Xie Bin, Mo Mingda, Cui Haidong, Dong Yijie, Yin Hongping, Lu Zhe
School of Information Science and Technology, Hangzhou Normal University, Hangzhou 311121, China.
Department of Breast Surgery, The First Affiliated Hospital, School of Medicine, Zhejiang University, Hangzhou 311121, China.
Diagnostics (Basel). 2025 Mar 28;15(7):872. doi: 10.3390/diagnostics15070872.
Lung cancer is one of the most prevalent cancers worldwide. Accurately determining lung cancer subtypes and identifying high-risk patients are helpful for individualized treatment and follow-up. Our study aimed to establish an effective model for subtype classification and overall survival (OS) prediction in patients with lung cancer. Histopathological images, clinical data, and genetic information of lung adenocarcinoma and lung squamous cell carcinoma cases were downloaded from The Cancer Genome Atlas. An influencing factor system was optimized based on the nuclear, clinical, and genetic features. Four machine-learning models-light gradient boosting machine (LightGBM), extreme gradient boosting (XGBoost), random forest (RF), and adaptive boosting (AdaBoost)-and three deep-learning models-multilayer perceptron (MLP), TabNet, and convolutional neural network (CNN)-were employed for subtype classification and OS prediction. The performance of the models was comprehensively evaluated. XGBoost exhibited the highest area under the curve (AUC) value of 0.9821 in subtype classification, whereas RF exhibited the highest AUC values of 0.9134, 0.8706, and 0.8765 in predicting OS at 1, 2, and 3 years, respectively. Our study was the first to incorporate the characteristics of nuclei and the genetic information of patients to predict the subtypes and OS of patients with lung cancer. The combination of different factors and the usage of artificial intelligence methods achieved a small breakthrough in the results of previous studies regarding AUC values.

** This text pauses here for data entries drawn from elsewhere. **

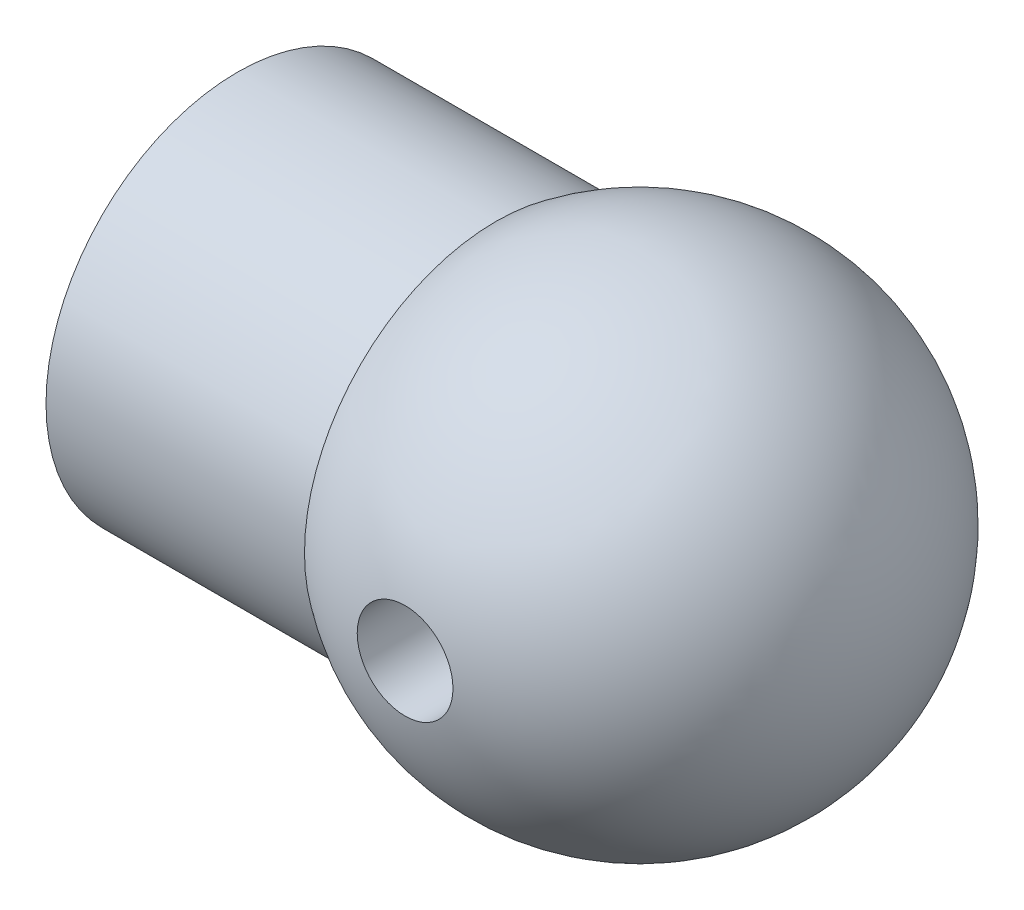
ISO-10303-21;
HEADER;
FILE_DESCRIPTION(('STEP AP214'),'2;1');
FILE_NAME('part.step','',(''),(''),'','','');
FILE_SCHEMA(('AUTOMOTIVE_DESIGN { 1 0 10303 214 1 1 1 1 }'));
ENDSEC;
DATA;
#1=APPLICATION_CONTEXT('core data for automotive mechanical design processes');
#2=APPLICATION_PROTOCOL_DEFINITION('international standard','automotive_design',2000,#1);
#3=PRODUCT_CONTEXT('',#1,'mechanical');
#4=PRODUCT('Part','Part','',(#3));
#5=PRODUCT_RELATED_PRODUCT_CATEGORY('part','',(#4));
#6=PRODUCT_DEFINITION_FORMATION('','',#4);
#7=PRODUCT_DEFINITION_CONTEXT('part definition',#1,'design');
#8=PRODUCT_DEFINITION('design','',#6,#7);
#9=PRODUCT_DEFINITION_SHAPE('','',#8);
#10=(LENGTH_UNIT() NAMED_UNIT(*) SI_UNIT(.MILLI.,.METRE.));
#11=(NAMED_UNIT(*) PLANE_ANGLE_UNIT() SI_UNIT($,.RADIAN.));
#12=(NAMED_UNIT(*) SI_UNIT($,.STERADIAN.) SOLID_ANGLE_UNIT());
#13=UNCERTAINTY_MEASURE_WITH_UNIT(LENGTH_MEASURE(1.E-05),#10,'distance_accuracy_value','');
#14=(GEOMETRIC_REPRESENTATION_CONTEXT(3) GLOBAL_UNCERTAINTY_ASSIGNED_CONTEXT((#13)) GLOBAL_UNIT_ASSIGNED_CONTEXT((#10,
#11,#12)) REPRESENTATION_CONTEXT('',''));
#15=CARTESIAN_POINT('',(0.,0.,0.));
#16=DIRECTION('',(0.,0.,1.));
#17=DIRECTION('',(1.,0.,0.));
#18=AXIS2_PLACEMENT_3D('',#15,#16,#17);
#19=CARTESIAN_POINT('',(42.,0.,0.));
#20=DIRECTION('',(-1.,0.,0.));
#21=DIRECTION('',(0.,1.,0.));
#22=AXIS2_PLACEMENT_3D('',#19,#20,#21);
#23=SPHERICAL_SURFACE('',#22,25.);
#24=CARTESIAN_POINT('',(42.,0.,24.4948974278318));
#25=DIRECTION('',(0.,0.,-1.));
#26=DIRECTION('',(-1.,0.,0.));
#27=AXIS2_PLACEMENT_3D('',#24,#25,#26);
#28=CIRCLE('',#27,5.);
#29=CARTESIAN_POINT('',(37.,0.,24.4948974278318));
#30=VERTEX_POINT('',#29);
#31=EDGE_CURVE('E38',#30,#30,#28,.T.);
#32=ORIENTED_EDGE('',*,*,#31,.T.);
#33=EDGE_LOOP('',(#32));
#34=FACE_BOUND('',#33,.T.);
#35=CARTESIAN_POINT('',(42.,0.,-24.4948974278318));
#36=DIRECTION('',(0.,0.,1.));
#37=DIRECTION('',(1.,0.,0.));
#38=AXIS2_PLACEMENT_3D('',#35,#36,#37);
#39=CIRCLE('',#38,5.);
#40=CARTESIAN_POINT('',(47.,0.,-24.4948974278318));
#41=VERTEX_POINT('',#40);
#42=EDGE_CURVE('E48',#41,#41,#39,.T.);
#43=ORIENTED_EDGE('',*,*,#42,.T.);
#44=EDGE_LOOP('',(#43));
#45=FACE_BOUND('',#44,.T.);
#46=CARTESIAN_POINT('',(27.,0.,0.));
#47=DIRECTION('',(-1.,0.,0.));
#48=DIRECTION('',(0.,0.,1.));
#49=AXIS2_PLACEMENT_3D('',#46,#47,#48);
#50=CIRCLE('',#49,20.);
#51=CARTESIAN_POINT('',(27.,0.,20.));
#52=VERTEX_POINT('',#51);
#53=EDGE_CURVE('E10',#52,#52,#50,.T.);
#54=ORIENTED_EDGE('',*,*,#53,.F.);
#55=EDGE_LOOP('',(#54));
#56=FACE_BOUND('',#55,.T.);
#57=ADVANCED_FACE('F35',(#34,#45,#56),#23,.T.);
#58=CARTESIAN_POINT('',(0.,0.,0.));
#59=DIRECTION('',(-1.,0.,0.));
#60=DIRECTION('',(0.,0.,1.));
#61=AXIS2_PLACEMENT_3D('',#58,#59,#60);
#62=CYLINDRICAL_SURFACE('',#61,20.);
#63=CARTESIAN_POINT('',(0.,0.,0.));
#64=DIRECTION('',(-1.,0.,0.));
#65=DIRECTION('',(0.,0.,1.));
#66=AXIS2_PLACEMENT_3D('',#63,#64,#65);
#67=CIRCLE('',#66,20.);
#68=CARTESIAN_POINT('',(0.,0.,20.));
#69=VERTEX_POINT('',#68);
#70=EDGE_CURVE('E42',#69,#69,#67,.T.);
#71=ORIENTED_EDGE('',*,*,#70,.F.);
#72=EDGE_LOOP('',(#71));
#73=FACE_BOUND('',#72,.T.);
#74=ORIENTED_EDGE('',*,*,#53,.T.);
#75=EDGE_LOOP('',(#74));
#76=FACE_BOUND('',#75,.T.);
#77=ADVANCED_FACE('F64',(#73,#76),#62,.T.);
#78=CARTESIAN_POINT('',(0.,0.,0.));
#79=DIRECTION('',(1.,0.,0.));
#80=DIRECTION('',(0.,0.,-1.));
#81=AXIS2_PLACEMENT_3D('',#78,#79,#80);
#82=PLANE('',#81);
#83=ORIENTED_EDGE('',*,*,#70,.T.);
#84=EDGE_LOOP('',(#83));
#85=FACE_BOUND('',#84,.T.);
#86=ADVANCED_FACE('F58',(#85),#82,.F.);
#87=CARTESIAN_POINT('',(42.,0.,-25.));
#88=DIRECTION('',(0.,0.,1.));
#89=DIRECTION('',(1.,0.,0.));
#90=AXIS2_PLACEMENT_3D('',#87,#88,#89);
#91=CYLINDRICAL_SURFACE('',#90,5.);
#92=ORIENTED_EDGE('',*,*,#42,.F.);
#93=EDGE_LOOP('',(#92));
#94=FACE_BOUND('',#93,.T.);
#95=ORIENTED_EDGE('',*,*,#31,.F.);
#96=EDGE_LOOP('',(#95));
#97=FACE_BOUND('',#96,.T.);
#98=ADVANCED_FACE('F56',(#94,#97),#91,.F.);
#99=CLOSED_SHELL('',(#57,#77,#86,#98));
#100=MANIFOLD_SOLID_BREP('B2',#99);
#101=ADVANCED_BREP_SHAPE_REPRESENTATION('',(#18,#100),#14);
#102=SHAPE_DEFINITION_REPRESENTATION(#9,#101);
ENDSEC;
END-ISO-10303-21;

肺癌是全球最常见的癌症之一。准确确定肺癌亚型并识别高危患者有助于个体化治疗和随访。我们的研究旨在建立一种有效的模型,用于肺癌患者的亚型分类和总生存期(OS)预测。从癌症基因组图谱下载了肺腺癌和肺鳞状细胞癌病例的组织病理学图像、临床数据和基因信息。基于细胞核、临床和基因特征优化了一个影响因素系统。使用四个机器学习模型——轻梯度提升机(LightGBM)、极端梯度提升(XGBoost)、随机森林(RF)和自适应提升(AdaBoost)——以及三个深度学习模型——多层感知器(MLP)、TabNet和卷积神经网络(CNN)——进行亚型分类和OS预测。对模型的性能进行了全面评估。在亚型分类中,XGBoost的曲线下面积(AUC)值最高,为0.9821;而在预测1年、2年和3年的OS时,RF的AUC值分别最高,为0.9134、0.8706和0.8765。我们的研究首次纳入细胞核特征和患者基因信息来预测肺癌患者的亚型和OS。不同因素的组合以及人工智能方法的使用在先前研究的AUC值结果方面取得了小的突破。